As mentioned in the section entitled ‘Pattern’, the film is made up of vignettes depicting a fairly ‘typical’ life experienced by students in Melbourne. In a way that defies the apparent non-linearity or even non-confluential intention of the work, there is a highly curated feel to the short films contained in the piece. Rather than attempting to show a ‘truly random’ and unbiased cross-section of life, the various different films have been selected to paint a somewhat flattering, even glamorous picture of the students involved. The inclusion of things like playing electric guitars, sitting at well-stocked tables, playing Australian Rules football and working in elegant cafes, all give hints of the ‘narrative arc’ to which the participants feel part.

 

‘Synecdoche’, does not show events like riding an escalator – absorbed into the indifferent mass of humanity, sitting in traffic, eating at a food court, being late for work, or practising an instrument badly. Instead, we see individual entities – beings forged of experience – showing us how they would like to be viewed. Through the attempt at suspending narrative form, the events become static, fully formed and without beginning or end. They exist in dead time, they are a pastiche, an advertisement for a life that becomes all the more fictional via the inevitably failed attempt at depicting ‘realism’. In other words, despite trying to escape linearity, the personal narratives of the creators are there for all to see. By selection, their taxonomy of life takes on a political and therefore inescapably narrative dimension.
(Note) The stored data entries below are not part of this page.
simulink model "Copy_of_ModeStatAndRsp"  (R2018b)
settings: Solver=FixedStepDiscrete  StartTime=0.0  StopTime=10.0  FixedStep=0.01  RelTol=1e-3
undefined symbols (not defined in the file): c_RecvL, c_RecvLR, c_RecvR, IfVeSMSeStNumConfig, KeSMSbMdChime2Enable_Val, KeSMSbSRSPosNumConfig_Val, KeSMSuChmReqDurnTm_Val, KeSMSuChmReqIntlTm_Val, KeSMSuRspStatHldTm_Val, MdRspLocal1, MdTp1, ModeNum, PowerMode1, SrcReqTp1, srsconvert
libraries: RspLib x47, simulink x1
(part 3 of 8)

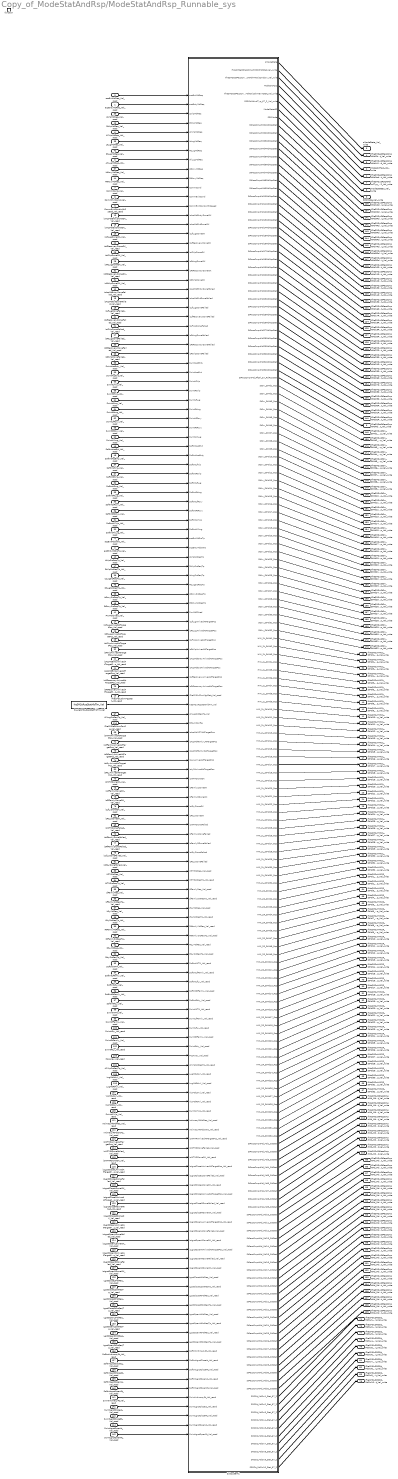
== system Copy_of_ModeStatAndRsp/ModeStatAndRsp_Runnable_sys ==
  acsEntyMdReq_Val_read : Inport
  acsEntyMdSrcTp_Val_read : Inport  Port=2
  acsExtMdReq_Val_read : Inport  Port=3
  acsExtMdSrcTp_Val_read : Inport  Port=4
  AllLugMdReq_Val_read : Inport  Port=5
  AllVipMdReq_Val_read : Inport  Port=6
  CommCond_Val_read : Inport  Port=7
  CommExitCond_Val_read : Inport  Port=8
  CommExitCondwithSpeed_Val_read : Inport  Port=9
  IfVeSMSuChmMgrStat_Val_read : Inport  Port=10
  isAcsMdEntryArrivedAtTargetPos_Val_read : Inport  Port=11
  isAcsMdEntryDoneFailed_Val_read : Inport  Port=12
  isAcsMdEntryDoneOK_Val_read : Inport  Port=13
  isAcsMdExtArrivedAtTargetPos_Val_read : Inport  Port=14
  isAcsMdExtDoneFailed_Val_read : Inport  Port=15
  isAcsMdExtDoneOK_Val_read : Inport  Port=16
  isLfLugArrivedAtTargetPos_Val_read : Inport  Port=17
  isLfLugDoneFailed_Val_read : Inport  Port=18
  isLfLugDoneOK_Val_read : Inport  Port=19
  isLfRecoveryArrivedAtTargetPos_Val_read : Inport  Port=20
  isLfRecoveryDoneFailed_Val_read : Inport  Port=21
  isLfRecoveryDoneOK_Val_read : Inport  Port=22
  isLfVipArrivedAtTargetPos_Val_read : Inport  Port=23
  isLfVipDoneFailed_Val_read : Inport  Port=24
  isLfVipDoneOK_Val_read : Inport  Port=25
  isRtLugArrivedAtTargetPos_Val_read : Inport  Port=26
  isRtLugDoneFailed_Val_read : Inport  Port=27
  isRtLugDoneOK_Val_read : Inport  Port=28
  isRtRecoveryArrivedAtTargetPos_Val_read : Inport  Port=29
  isRtRecoveryDoneFailed_Val_read : Inport  Port=30
  isRtRecoveryDoneOK_Val_read : Inport  Port=31
  isRtVipArrivedAtTargetPos_Val_read : Inport  Port=32
  isRtVipDoneFailed_Val_read : Inport  Port=33
  isRtVipDoneOK_Val_read : Inport  Port=34
  LtLugMdReq_Val_read : Inport  Port=35
  LtLugSrcReqTp_Val_read : Inport  Port=36
  LtRcvyMdReq_Val_read : Inport  Port=37
  LtRcvySrcReqTp_Val_read : Inport  Port=38
  LtVipMdReq_Val_read : Inport  Port=39
  LtVipSrcReqTp_Val_read : Inport  Port=40
  PwrMdChked_Val_read : Inport  Port=41
  RtLugMdReq_Val_read : Inport  Port=42
  RtLugSrcReqTp_Val_read : Inport  Port=43
  RtRcvyMdReq_Val_read : Inport  Port=44
  RtRcvySrcReqTp_Val_read : Inport  Port=45
  RtVipMdReq_Val_read : Inport  Port=46
  RtVipSrcReqTp_Val_read : Inport  Port=47
  SoftIntAcsEnty_Val_read : Inport  Port=48
  SoftIntAcsExt_Val_read : Inport  Port=49
  SoftIntAllLug_Val_read : Inport  Port=50
  SoftIntAllVip_Val_read : Inport  Port=51
  SoftIntLfLug_Val_read : Inport  Port=52
  SoftIntLfRcvy_Val_read : Inport  Port=53
  SoftIntLfVip_Val_read : Inport  Port=54
  SoftIntRtLug_Val_read : Inport  Port=55
  SoftIntRtRcvy_Val_read : Inport  Port=56
  SoftIntRtVip_Val_read : Inport  Port=57
  SwIntAcsEnty_Val_read : Inport  Port=58
  SwIntAcsExt_Val_read : Inport  Port=59
  SwIntAllLug_Val_read : Inport  Port=60
  SwIntLfLug_Val_read : Inport  Port=61
  SwIntLfRcvy_Val_read : Inport  Port=62
  SwIntLfVip_Val_read : Inport  Port=63
  SwIntRtLug_Val_read : Inport  Port=64
  SwIntRtRcvy_Val_read : Inport  Port=65
  SwIntRtVip_Val_read : Inport  Port=66
  AllLugSrcReqTp_Val_read : Inport  Port=67
  isINTMArrivedAtTargetPos_Val_read : Inport  Port=68
  isINTMDoneFailed_Val_read : Inport  Port=69
  isINTMDoneOK_Val_read : Inport  Port=70
  isLfFamlyArrivedAtTargetPos_Val_read : Inport  Port=71
  isLfFamlyDoneFailed_Val_read : Inport  Port=72
  isLfFamlyDoneOK_Val_read : Inport  Port=73
  isLfLyArrivedAtTargetPos_Val_read : Inport  Port=74
  isLfLyDoneFailed_Val_read : Inport  Port=75
  isLfLyDoneOK_Val_read : Inport  Port=76
  isRfFamlyDoneFailed_Val_read : Inport  Port=77
  isRfFamlyDoneOK_Val_read : Inport  Port=78
  isRtFamlyArrivedAtTargetPos_Val_read : Inport  Port=79
  isRtLyArrivedAtTargetPos_Val_read : Inport  Port=80
  isRtLyDoneFailed_Val_read : Inport  Port=81
  isRtLyDoneOK_Val_read : Inport  Port=82
  INTMMdReq_Val_read : Inport  Port=83
  INTMSrcReqTp_Val_read : Inport  Port=84
  LfFamlyReq_Val_read : Inport  Port=85
  LfFamlySrcReqTp_Val_read : Inport  Port=86
  LfLyMdReq_Val_read : Inport  Port=87
  LfLySrcReqTp_Val_read : Inport  Port=88
  RtFamlyMdReq_Val_read : Inport  Port=89
  RtFamlySrcReqTp_Val_read : Inport  Port=90
  RtLyMdReq_Val_read : Inport  Port=91
  RtLySrcReqTp_Val_read : Inport  Port=92
  SoftIntINTM_Val_read : Inport  Port=93
  SoftIntLfFamly_Val_read : Inport  Port=94
  SoftIntLfLy_Val_read : Inport  Port=95
  SoftIntRtFamly_Val_read : Inport  Port=96
  SoftIntRtLy_Val_read : Inport  Port=97
  SwIntINTM_Val_read : Inport  Port=98
  SwIntLfFamly_Val_read : Inport  Port=99
  SwIntLfLy_Val_read : Inport  Port=100
  SwIntRtFamly_Val_read : Inport  Port=101
  SwIntRtLy_Val_read : Inport  Port=102
  PosArray_Val_read : Inport  Port=103
  AllVipSrcReqTp_Val_read : Inport  Port=104
  LugMdLtAvl_Val_read : Inport  Port=105
  LugMdRtAvl_Val_read : Inport  Port=106
  VipMdLtAvl_Val_read : Inport  Port=107
  VipMdRtAvl_Val_read : Inport  Port=108
  SwIntAllVip_Val_read : Inport  Port=109
  IfVeSMSeStNumConfig_Val_read : Inport  Port=110
  IntimacyRtMdReq_Val_read : Inport  Port=111
  IntimacyRtMdSrcTp_Val_read : Inport  Port=112
  isINTMRArrivedAtTargetPos_Val_read : Inport  Port=113
  isINTMRDoneFailed_Val_read : Inport  Port=114
  isINTMRDoneOK_Val_read : Inport  Port=115
  isLgrstCloseLArrivedAtTargetPos_Val_read : Inport  Port=116
  isLgrstCloseLDoneFailed_Val_read : Inport  Port=117
  isLgrstCloseLDoneOK_Val_read : Inport  Port=118
  isLgrstCloseRArrivedAtTargetPos_Val_read : Inport  Port=119
  isLgrstCloseRDoneFailed_Val_read : Inport  Port=120
  isLgrstCloseRDoneOK_Val_read : Inport  Port=121
  isLgrstOpenLArrivedAtTargetPos_Val_read : Inport  Port=122
  isLgrstOpenLDoneFailed_Val_read : Inport  Port=123
  isLgrstOpenLDoneOK_Val_read : Inport  Port=124
  isLgrstOpenRArrivedAtTargetPos_Val_read : Inport  Port=125
  isLgrstOpenRDoneFailed_Val_read : Inport  Port=126
  isLgrstOpenRDoneOK_Val_read : Inport  Port=127
  LgrstCloseLtMdReq_Val_read : Inport  Port=128
  LgrstCloseLtSrcReqTp_Val_read : Inport  Port=129
  LgrstCloseRtMdReq_Val_read : Inport  Port=130
  LgrstCloseRtSrcReqTp_Val_read : Inport  Port=131
  LgrstOpenLtMdReq_Val_read : Inport  Port=132
  LgrstOpenLtSrcReqTp_Val_read : Inport  Port=133
  LgrstOpenRtMdReq_Val_read : Inport  Port=134
  LgrstOpenRtSrcReqTp_Val_read : Inport  Port=135
  SoftIntIntimacyRt_Val_read : Inport  Port=136
  SoftIntLgrstCloseLt_Val_read : Inport  Port=137
  SoftIntLgrstCloseRt_Val_read : Inport  Port=138
  SoftIntLgrstOpenLt_Val_read : Inport  Port=139
  SoftIntLgrstOpenRt_Val_read : Inport  Port=140
  SwIntIntimacyRt_Val_read : Inport  Port=141
  SwIntLgrstCloseLt_Val_read : Inport  Port=142
  SwIntLgrstCloseRt_Val_read : Inport  Port=143
  SwIntLgrstOpenLt_Val_read : Inport  Port=144
  SwIntLgrstOpenRt_Val_read : Inport  Port=145
  function : TriggerPort  TriggerType=function-call  VariantControl=(inherit)  SampleTimeType=periodic  SampleTime=-1
  PA_KeSMSuRspStatHldTm_Val : Constant  Value=KeSMSuRspStatHldTm_Val
  Subsystem1 : Subsystem
  IfVeSMSeStPassCmprtMdNoti2ChmEvntStat_Val_write : Outport
      settings: EnsureOutportIsVirtual=on
  ModeSrcTpLt_Val_write : Outport  Port=2
      settings: EnsureOutportIsVirtual=on
  oModeState_Val_write : Outport  Port=3
      settings: EnsureOutportIsVirtual=on
  IfVeSMSeStPassCmprtMdCrtMdStat_Val_write : Outport  Port=4
      settings: EnsureOutportIsVirtual=on
  IfVeSMSuStPassCmprtMdHMIDisCmd_Val_write : Outport  Port=5
      settings: EnsureOutportIsVirtual=on
  IfVeSMSeStPassCmprtMdRclRspStat_Val_write : Outport  Port=6
      settings: EnsureOutportIsVirtual=on
  IfVeSMSuSRSCrtMdIndTyp_67_2_Val_write : Outport  Port=7
      settings: EnsureOutportIsVirtual=on
  modestate32_Val_write : Outport  Port=8
      settings: EnsureOutportIsVirtual=on
  SRSMode_Val_write : Outport  Port=9
      settings: EnsureOutportIsVirtual=on
  IfVeSMSuHMI2L_StMd1_Rsp_Val_write : Outport  Port=10
      settings: EnsureOutportIsVirtual=on
  IfVeSMSuHMI2L_StMd10_Rsp_Val_write : Outport  Port=11
      settings: EnsureOutportIsVirtual=on
  IfVeSMSuHMI2L_StMd11_Rsp_Val_write : Outport  Port=12
      settings: EnsureOutportIsVirtual=on
  IfVeSMSuHMI2L_StMd12_Rsp_Val_write : Outport  Port=13
      settings: EnsureOutportIsVirtual=on
  IfVeSMSuHMI2L_StMd13_Rsp_Val_write : Outport  Port=14
      settings: EnsureOutportIsVirtual=on
  IfVeSMSuHMI2L_StMd14_Rsp_Val_write : Outport  Port=15
      settings: EnsureOutportIsVirtual=on
  IfVeSMSuHMI2L_StMd15_Rsp_Val_write : Outport  Port=16
      settings: EnsureOutportIsVirtual=on
  IfVeSMSuHMI2L_StMd16_Rsp_Val_write : Outport  Port=17
      settings: EnsureOutportIsVirtual=on
  IfVeSMSuHMI2L_StMd17_Rsp_Val_write : Outport  Port=18
      settings: EnsureOutportIsVirtual=on
  IfVeSMSuHMI2L_StMd18_Rsp_Val_write : Outport  Port=19
      settings: EnsureOutportIsVirtual=on
  IfVeSMSuHMI2L_StMd19_Rsp_Val_write : Outport  Port=20
      settings: EnsureOutportIsVirtual=on
  IfVeSMSuHMI2L_StMd2_Rsp_Val_write : Outport  Port=21
      settings: EnsureOutportIsVirtual=on
  IfVeSMSuHMI2L_StMd20_Rsp_Val_write : Outport  Port=22
      settings: EnsureOutportIsVirtual=on
  IfVeSMSuHMI2L_StMd21_Rsp_Val_write : Outport  Port=23
      settings: EnsureOutportIsVirtual=on
  IfVeSMSuHMI2L_StMd22_Rsp_Val_write : Outport  Port=24
      settings: EnsureOutportIsVirtual=on
  IfVeSMSuHMI2L_StMd23_Rsp_Val_write : Outport  Port=25
      settings: EnsureOutportIsVirtual=on
  IfVeSMSuHMI2L_StMd24_Rsp_Val_write : Outport  Port=26
      settings: EnsureOutportIsVirtual=on
  IfVeSMSuHMI2L_StMd25_Rsp_Val_write : Outport  Port=27
      settings: EnsureOutportIsVirtual=on
  IfVeSMSuHMI2L_StMd26_Rsp_Val_write : Outport  Port=28
      settings: EnsureOutportIsVirtual=on
  IfVeSMSuHMI2L_StMd27_Rsp_Val_write : Outport  Port=29
      settings: EnsureOutportIsVirtual=on
  IfVeSMSuHMI2L_StMd28_Rsp_Val_write : Outport  Port=30
      settings: EnsureOutportIsVirtual=on
  IfVeSMSuHMI2L_StMd29_Rsp_Val_write : Outport  Port=31
      settings: EnsureOutportIsVirtual=on
  IfVeSMSuHMI2L_StMd3_Rsp_Val_write : Outport  Port=32
      settings: EnsureOutportIsVirtual=on
  IfVeSMSuHMI2L_StMd30_Rsp_Val_write : Outport  Port=33
      settings: EnsureOutportIsVirtual=on
  IfVeSMSuHMI2L_StMd31_Rsp_Val_write : Outport  Port=34
      settings: EnsureOutportIsVirtual=on
  IfVeSMSuHMI2L_StMd32_Rsp_Val_write : Outport  Port=35
      settings: EnsureOutportIsVirtual=on
  IfVeSMSuHMI2L_StMd4_Rsp_Val_write : Outport  Port=36
      settings: EnsureOutportIsVirtual=on
  IfVeSMSuHMI2L_StMd5_Rsp_Val_write : Outport  Port=37
      settings: EnsureOutportIsVirtual=on
  IfVeSMSuHMI2L_StMd6_Rsp_Val_write : Outport  Port=38
      settings: EnsureOutportIsVirtual=on
  IfVeSMSuHMI2L_StMd7_Rsp_Val_write : Outport  Port=39
      settings: EnsureOutportIsVirtual=on
  IfVeSMSuHMI2L_StMd8_Rsp_Val_write : Outport  Port=40
      settings: EnsureOutportIsVirtual=on
  IfVeSMSuHMI2L_StMd9_Rsp_Val_write : Outport  Port=41
      settings: EnsureOutportIsVirtual=on
  IfVeSMSuHMI2R_StMd1_Rsp_Val_write : Outport  Port=42
      settings: EnsureOutportIsVirtual=on
  IfVeSMSuHMI2R_StMd10_Rsp_Val_write : Outport  Port=43
      settings: EnsureOutportIsVirtual=on
  IfVeSMSuHMI2R_StMd11_Rsp_Val_write : Outport  Port=44
      settings: EnsureOutportIsVirtual=on
  IfVeSMSuHMI2R_StMd12_Rsp_Val_write : Outport  Port=45
      settings: EnsureOutportIsVirtual=on
  IfVeSMSuHMI2R_StMd13_Rsp_Val_write : Outport  Port=46
      settings: EnsureOutportIsVirtual=on
  IfVeSMSuHMI2R_StMd14_Rsp_Val_write : Outport  Port=47
      settings: EnsureOutportIsVirtual=on
  IfVeSMSuHMI2R_StMd15_Rsp_Val_write : Outport  Port=48
      settings: EnsureOutportIsVirtual=on
  IfVeSMSuHMI2R_StMd16_Rsp_Val_write : Outport  Port=49
      settings: EnsureOutportIsVirtual=on
  IfVeSMSuHMI2R_StMd17_Rsp_Val_write : Outport  Port=50
      settings: EnsureOutportIsVirtual=on
  IfVeSMSuHMI2R_StMd18_Rsp_Val_write : Outport  Port=51
      settings: EnsureOutportIsVirtual=on
  IfVeSMSuHMI2R_StMd19_Rsp_Val_write : Outport  Port=52
      settings: EnsureOutportIsVirtual=on
  IfVeSMSuHMI2R_StMd2_Rsp_Val_write : Outport  Port=53
      settings: EnsureOutportIsVirtual=on
  IfVeSMSuHMI2R_StMd20_Rsp_Val_write : Outport  Port=54
      settings: EnsureOutportIsVirtual=on
  IfVeSMSuHMI2R_StMd21_Rsp_Val_write : Outport  Port=55
      settings: EnsureOutportIsVirtual=on
  IfVeSMSuHMI2R_StMd22_Rsp_Val_write : Outport  Port=56
      settings: EnsureOutportIsVirtual=on
  IfVeSMSuHMI2R_StMd23_Rsp_Val_write : Outport  Port=57
      settings: EnsureOutportIsVirtual=on
  IfVeSMSuHMI2R_StMd24_Rsp_Val_write : Outport  Port=58
      settings: EnsureOutportIsVirtual=on
  IfVeSMSuHMI2R_StMd25_Rsp_Val_write : Outport  Port=59
      settings: EnsureOutportIsVirtual=on
  IfVeSMSuHMI2R_StMd26_Rsp_Val_write : Outport  Port=60
      settings: EnsureOutportIsVirtual=on
  IfVeSMSuHMI2R_StMd27_Rsp_Val_write : Outport  Port=61
      settings: EnsureOutportIsVirtual=on
  IfVeSMSuHMI2R_StMd28_Rsp_Val_write : Outport  Port=62
      settings: EnsureOutportIsVirtual=on
  IfVeSMSuHMI2R_StMd29_Rsp_Val_write : Outport  Port=63
      settings: EnsureOutportIsVirtual=on
  IfVeSMSuHMI2R_StMd3_Rsp_Val_write : Outport  Port=64
      settings: EnsureOutportIsVirtual=on
  IfVeSMSuHMI2R_StMd30_Rsp_Val_write : Outport  Port=65
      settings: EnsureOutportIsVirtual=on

To rephrase Bogost, their attempt at “the jarring staccato of real being”, resembles far more “the flowing legato of a literary account” – (Bogost, Ian. 2012, p40) even despite the aleatoric intention of ‘Synecdoche’.

 

Conclusion

 

In the case of ‘Synecdoche’, pattern and content conspire to form a meta-narrative that subverts the self-conscious attempt authorial invisibility. This is something almost impossible to avoid when the beings featured are also the creators. To be clear, this is not a matter of fault or blame. There is barely a person alive who would risk a truly randomised witnessing of their own existence – who knows what people might see, but perhaps more pertinently, would randomness ‘look any good’? Filming people who are not ones’ self, or filming inanimate objects would allow for far greater disruption (although I would argue, never complete) of the authorial presence. In this particular case, it is impossible for the participant to see the assembled collage without getting a very palpable sense of the creators’ personal narrative.

 

788 Words

 

References:

 

[Extract] Bogost, Ian. (2012) Alien Phenomenology, or What It’s Like to Be a Thing. Minneapolis: University Press of Minnesota. Print.

 

Ernst, Wolfgang ;Méchoulan, Éric (Editor) ; Cisneros, James (Guesteditor) ; Garneau, Michèle. (2003) Telling versus Counting? A Media-Archaelogical Point of View. Intermédialités, pp.31-44

 

Ryan, Marie-Laure. (2006) Avatars of Story. Minneapolis: University of Minnesota Press.